Exercise inputs -

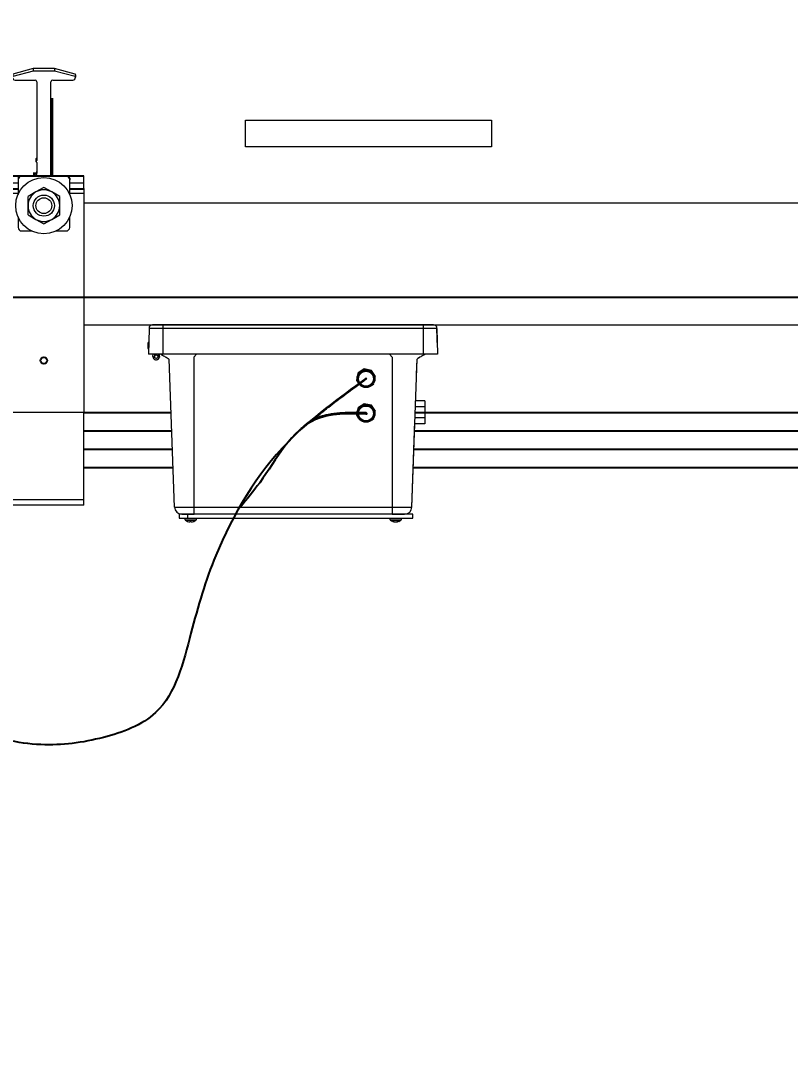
# Model space of a CAD drawing. Header units: feet. Extents: x -17 to 453, y -41 to 31.
# Drawn here: x 72.852 to 73.648, y 5.509 to 6.571 of the extents above; entities that cross this region are included whole.
import ezdxf
from ezdxf.enums import TextEntityAlignment as Align

# ---------------------------------------------------------------- set-up
doc = ezdxf.new("R2018")
doc.units = ezdxf.units.FT
doc.header["$MEASUREMENT"] = 0
for name, color, linetype in [('ATI CENTER SUPPORT', 7, 'Continuous'), ('DC STRING CABLES', 30, 'Continuous'), ('G-ANNO-TEXT', 1, 'Continuous')]:
    doc.layers.add(name, color=color, linetype=linetype)
doc.styles.add('NEI-A', font='arial.ttf')
doc.styles.get("Standard").update_dxf_attribs({"font": 'arial.ttf'})

# ---------------------------------------------------------------- blocks, each defined once
blk = doc.blocks.new('DETAIL_TITLE')
at = {"style": 'NEI-A', "flags": 8}
blk.add_attdef('#', text='', height=0.2, dxfattribs=at).set_placement((0.5922, -0.5109), align=Align.MIDDLE_CENTER)
at = {"lineweight": 30, "style": '', "flags": 104}
blk.add_attdef('DETAIL_TITLE', text='', height=0.2, dxfattribs=at).set_placement((0.909896588761212, -0.5251383791434918), align=Align.BOTTOM_LEFT)
at = {"style": 'NEI-A'}
for tag, p in [('SCALE:', (0.9386493124493107, -0.7379200523425924)), ('1"_=_', (1.547398728572484, -0.7379200523425924))]:
    blk.add_attdef(tag, text='', height=0.1, dxfattribs=at).set_placement(p, align=Align.BOTTOM_LEFT)
blk = doc.blocks.new('CLAMP')
at = {"color": 3, "linetype": 'Continuous', "lineweight": 15}
for p, q in [((-0.004798626367520598, 0.1326443036068738), (-0.01417172662998567, 0.1301865137858691)), ((-0.004798626367520598, 0.1314930813212918), (-0.01417172662998567, 0.1290352915338548)), ((-0.004798626367520598, 0.1326443036068738), (-0.004798626367520598, 0.1314930813212918)), ((0.004798626333975875, 0.1326443036068738), (-0.004798626367520598, 0.1326443036068738)), ((0.004798626333975875, 0.1314930813212918), (-0.004798626367520598, 0.1314930813212918)), ((0.004798626333975875, 0.1326443036068738), (0.004798626333975875, 0.1314930813212918)), ((0.01417172659643384, 0.1301865137858691), (0.004798626333975875, 0.1326443036068738)), ((0.01417172659643384, 0.1290352915338548), (0.004798626333975875, 0.1314930813212918)), ((-0.01439587906901707, 0.1298962130334331), (-0.01439587906901707, 0.1287449907478617)), ((-0.01417172662998567, 0.1301865137858691), (-0.01417172662998567, 0.1290352915338548)), ((-0.01311624537995115, 0.127466574984636), (-0.003998855286706515, 0.127466574984636)), ((-0.003199084239422945, 0.1266675651116387), (-0.003199084239422945, 0.09098773627755463)), ((0.003199084239422945, 0.1242129183640124), (0.003199084239422945, 0.1266675651116387)), ((0.00399885528669941, 0.127466574984636), (0.01311624534640643, 0.127466574984636)), ((0.01417172659643384, 0.1301865137858691), (0.01417172659643384, 0.1290352915338548)), ((0.01439587903547235, 0.1298962130334331), (0.01439587903547235, 0.1287449907478617)), ((0.003199084239422944, 0.09098773624404183), (0.003199084239422945, 0.1242129183640124)), ((-0.003710937708337525, 0.09162684573262325), (-0.003698954095273876, 0.09163956448314892)), ((-0.003710937708337525, 0.09162684573262325), (-0.003710937708337525, 0.0904763699588429)), ((-0.003199084239422945, 0.09098773627755463), (-0.003710937708337525, 0.0904763699588429)), ((-0.003710937708337525, 0.0904763699588429), (-0.003199084239422945, 0.08996500367367943)), ((-0.003199084239422945, 0.09213895856312782), (-0.003698954095273876, 0.09163956448314892)), ((-0.003199084239422945, 0.08996500367367943), (-0.003199084239422945, 0.08509190809895273)), ((0.003199084205878222, 0.09213895856312782), (0.003698954061729154, 0.09163956448314892)), ((0.003199084205878222, 0.09098773627755463), (0.003710937674792802, 0.0904763699588429)), ((0.003710937674792802, 0.0904763699588429), (0.003199084205878222, 0.08996500367367943)), ((0.003199084239422945, 0.0839094949473349), (0.003199084239422944, 0.08996500370719224)), ((0.003710937674792802, 0.09162684573262325), (0.003698954061729154, 0.09163956448314892)), ((0.003710937674792802, 0.09162684573262325), (0.003710937674792802, 0.0904763699588429)), ((-0.003548296680495611, 0.08509710985918062), (-0.004861600470757566, 0.08509710985918062)), ((-0.003549628450290498, 0.08509589193335643), (-0.004861600470757566, 0.08509589193335643)), ((-0.004861600470757566, 0.08479470389906574), (-0.00414776108799586, 0.08483907472967012)), ((-0.00414776108799586, 0.08408700340066133), (-0.004861600470757566, 0.08404523685576137)), ((-0.00414776108799586, 0.08483907472967012), (-0.00414776108799586, 0.08408700340066133)), ((-0.01823478013619351, 0.08077331040825442), (-0.01823478013619351, 0.0839094949473349)), ((-0.01823478013619351, 0.0782353062522283), (-0.01823478013619351, 0.08077331040825442)), ((-0.01823478013619351, 0.08077331040825442), (-0.0117214446394307, 0.08077331040825442)), ((-0.0117214446394307, 0.082809807811282), (-0.0117214446394307, 0.08213670027835107)), ((-0.0117214446394307, 0.08213670027835107), (-0.0117214446394307, 0.07551346538764392)), ((-0.007181590635912727, 0.0839094949473349), (-0.01021542018382959, 0.08373198649400848)), ((-0.01021542018382959, 0.0839094949473349), (-0.01021542018382959, 0.08373198649400848)), ((0.01021542015028487, 0.08373198649400848), (0.007181590602368004, 0.0839094949473349)), ((0.01021542015028487, 0.0839094949473349), (0.01021542015028487, 0.08373198649400848)), ((0.01172144463941649, 0.082809807811282), (0.01172144463941649, 0.08213670027835107)), ((0.01172144463941649, 0.07551346538764392), (0.01172144463941649, 0.08213670027835107)), ((0.01172144463941649, 0.08077331040825442), (0.01823478013619351, 0.08077331040825442)), ((0.01823478013619351, 0.08077331040825442), (0.01823478013619351, 0.0839094949473349)), ((0.01823478013619351, 0.0782353062522283), (0.01823478013619351, 0.08077331040825442)), ((-0.01823478013619351, 0.0782353062522283), (-0.01823478013619351, 0.07778579264175)), ((-0.01823478013619351, 0.0782353062522283), (-0.0117214446394307, 0.0782353062522283)), ((-0.01823478013619351, 0.07778579264175), (-0.01823478013619351, 0.07583831357466764)), ((-0.0117214446394307, 0.07778579264175), (-0.01823478013619351, 0.07778579264175)), ((-0.01823478013619351, 0.07583831357466764), (-0.01823478013619351, -0.02358258059671314)), ((-0.0117214446394307, 0.07583831357466764), (-0.01823478013619351, 0.07583831357466764)), ((-0.003595770690420608, 0.07660791066810546), (-0.007191541364054643, 0.07453189148976946)), ((-1.677236127761716e-11, 0.0786839298128843), (-0.003595770690420608, 0.07660791066810546)), ((0.003595770656861674, 0.07660791066810546), (-1.677236127761716e-11, 0.0786839298128843)), ((0.007191541364047538, 0.07453189148976946), (0.003595770656861674, 0.07660791066810546)), ((0.01172144463941649, 0.0782353062522283), (0.01823478013619351, 0.0782353062522283)), ((0.01823478013619351, 0.07778579264175), (0.01172144463941649, 0.07778579264175)), ((0.01823478013619351, 0.07583831357466764), (0.01172144463941649, 0.07583831357466764)), ((0.01823478013619351, 0.0782353062522283), (0.01823478013619351, 0.07778579264175)), ((0.01823478013619351, 0.07778579264175), (0.01823478013619351, 0.07583831357466764)), ((0.01823478013619351, 0.07583831357466764), (0.01823478013619351, -0.02358258059671314)), ((-0.007191541364054643, 0.07037985313309925), (-0.007191541364054643, 0.07453189148976946)), ((-0.007191541364054643, 0.06622781480998441), (-0.007191541364054643, 0.07037985313309925)), ((0.007191541364047538, 0.07037985313309925), (0.007191541364047538, 0.07453189148976946)), ((0.007191541364047538, 0.06622781480998441), (0.007191541364047538, 0.07037985313309925)), ((-0.007191541364054643, 0.06622781480998441), (-0.003595770690420608, 0.06415179563165019)), ((0.003595770656861674, 0.06415179563165019), (0.007191541364047538, 0.06622781480998441)), ((-0.0117214446394307, 0.0652462409121135), (-0.0117214446394307, 0.06046379805403035)), ((-0.003595770690420608, 0.06415179563165019), (-1.677236127761716e-11, 0.06207577645331419)), ((-1.677236127761716e-11, 0.06207577645331419), (0.003595770656861674, 0.06415179563165019)), ((0.01172144463941649, 0.06046379805403035), (0.01172144463941649, 0.0652462409121135)), ((-0.01012190251133305, 0.05886577834159468), (-0.005583217748810654, 0.05886577834159468)), ((0.005583217748817759, 0.05886577834159468), (0.01012190251132594, 0.05886577834159468)), ((0.01823478013619351, -0.02358258059671314), (-0.01823478013619351, -0.02358258059671314)), ((-0.01823478013619351, -0.06326747562251), (-0.01823478013619351, -0.02358258059671314)), ((0.01823478013619351, -0.06326747562251), (0.01823478013619351, -0.02358258059671314)), ((0.01823478013619351, -0.06326747562251), (-0.01823478013619351, -0.06326747562251)), ((-0.01823478013619351, -0.06573478283980094), (-0.01823478013619351, -0.06326747562251)), ((0.01823478013619351, -0.06573478283980094), (0.01823478013619351, -0.06326747562251)), ((0.01823478013619351, -0.06573478283980094), (-0.01823478013619351, -0.06573478283980094))]:
    blk.add_line(p, q, dxfattribs=at)
at = {"color": 3}
for p, q in [((-0.01823478013619351, 0.0839094949473349), (0.01823478013619351, 0.0839094949473349)), ((-0.01823478013619351, 0.06120492388741638), (-0.01823478013619351, -0.06120492388741638))]:
    blk.add_line(p, q, dxfattribs=at)
at = {"color": 3, "linetype": 'Continuous', "lineweight": 15}
for radius in [0.01279633693693193, 0.004798626351348265, 0.003598969763508833]:
    blk.add_circle((-1.677236127761716e-11, 0.07037985313309925), radius, dxfattribs=at)
at = {"color": 3}
blk.add_circle((0, 0), 0.001468251009832691, dxfattribs=at)
at = {"color": 3, "linetype": 'Continuous', "lineweight": 15}
for centre, radius, start, end in [((-0.01409569419036316, 0.1298961174420832), 0.0003001849005565807, 104.6720091426993, 179.9817583273999), ((-0.01409569419036316, 0.1287448951565118), 0.0003001849005798663, 104.6720091452997, 179.9817583237994), ((-0.01311685405767449, 0.128745599995975), 0.001279025164742439, 180.0272924107003, 270.0272664350998), ((-0.003998474867319857, 0.1266671843231819), 0.0007993907279524112, 0.02729241099994475, 90.02726643579999), ((0.003998474867312751, 0.1266671843231819), 0.0007993907279628461, 89.97273356550035, 179.972707589), ((0.01311685402411555, 0.128745599995975), 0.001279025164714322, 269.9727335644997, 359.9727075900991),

Task objective -
Select every line of the material above holding the word "import" and copy it.

Exercise answer -
import ezdxf
from ezdxf.enums import TextEntityAlignment as Align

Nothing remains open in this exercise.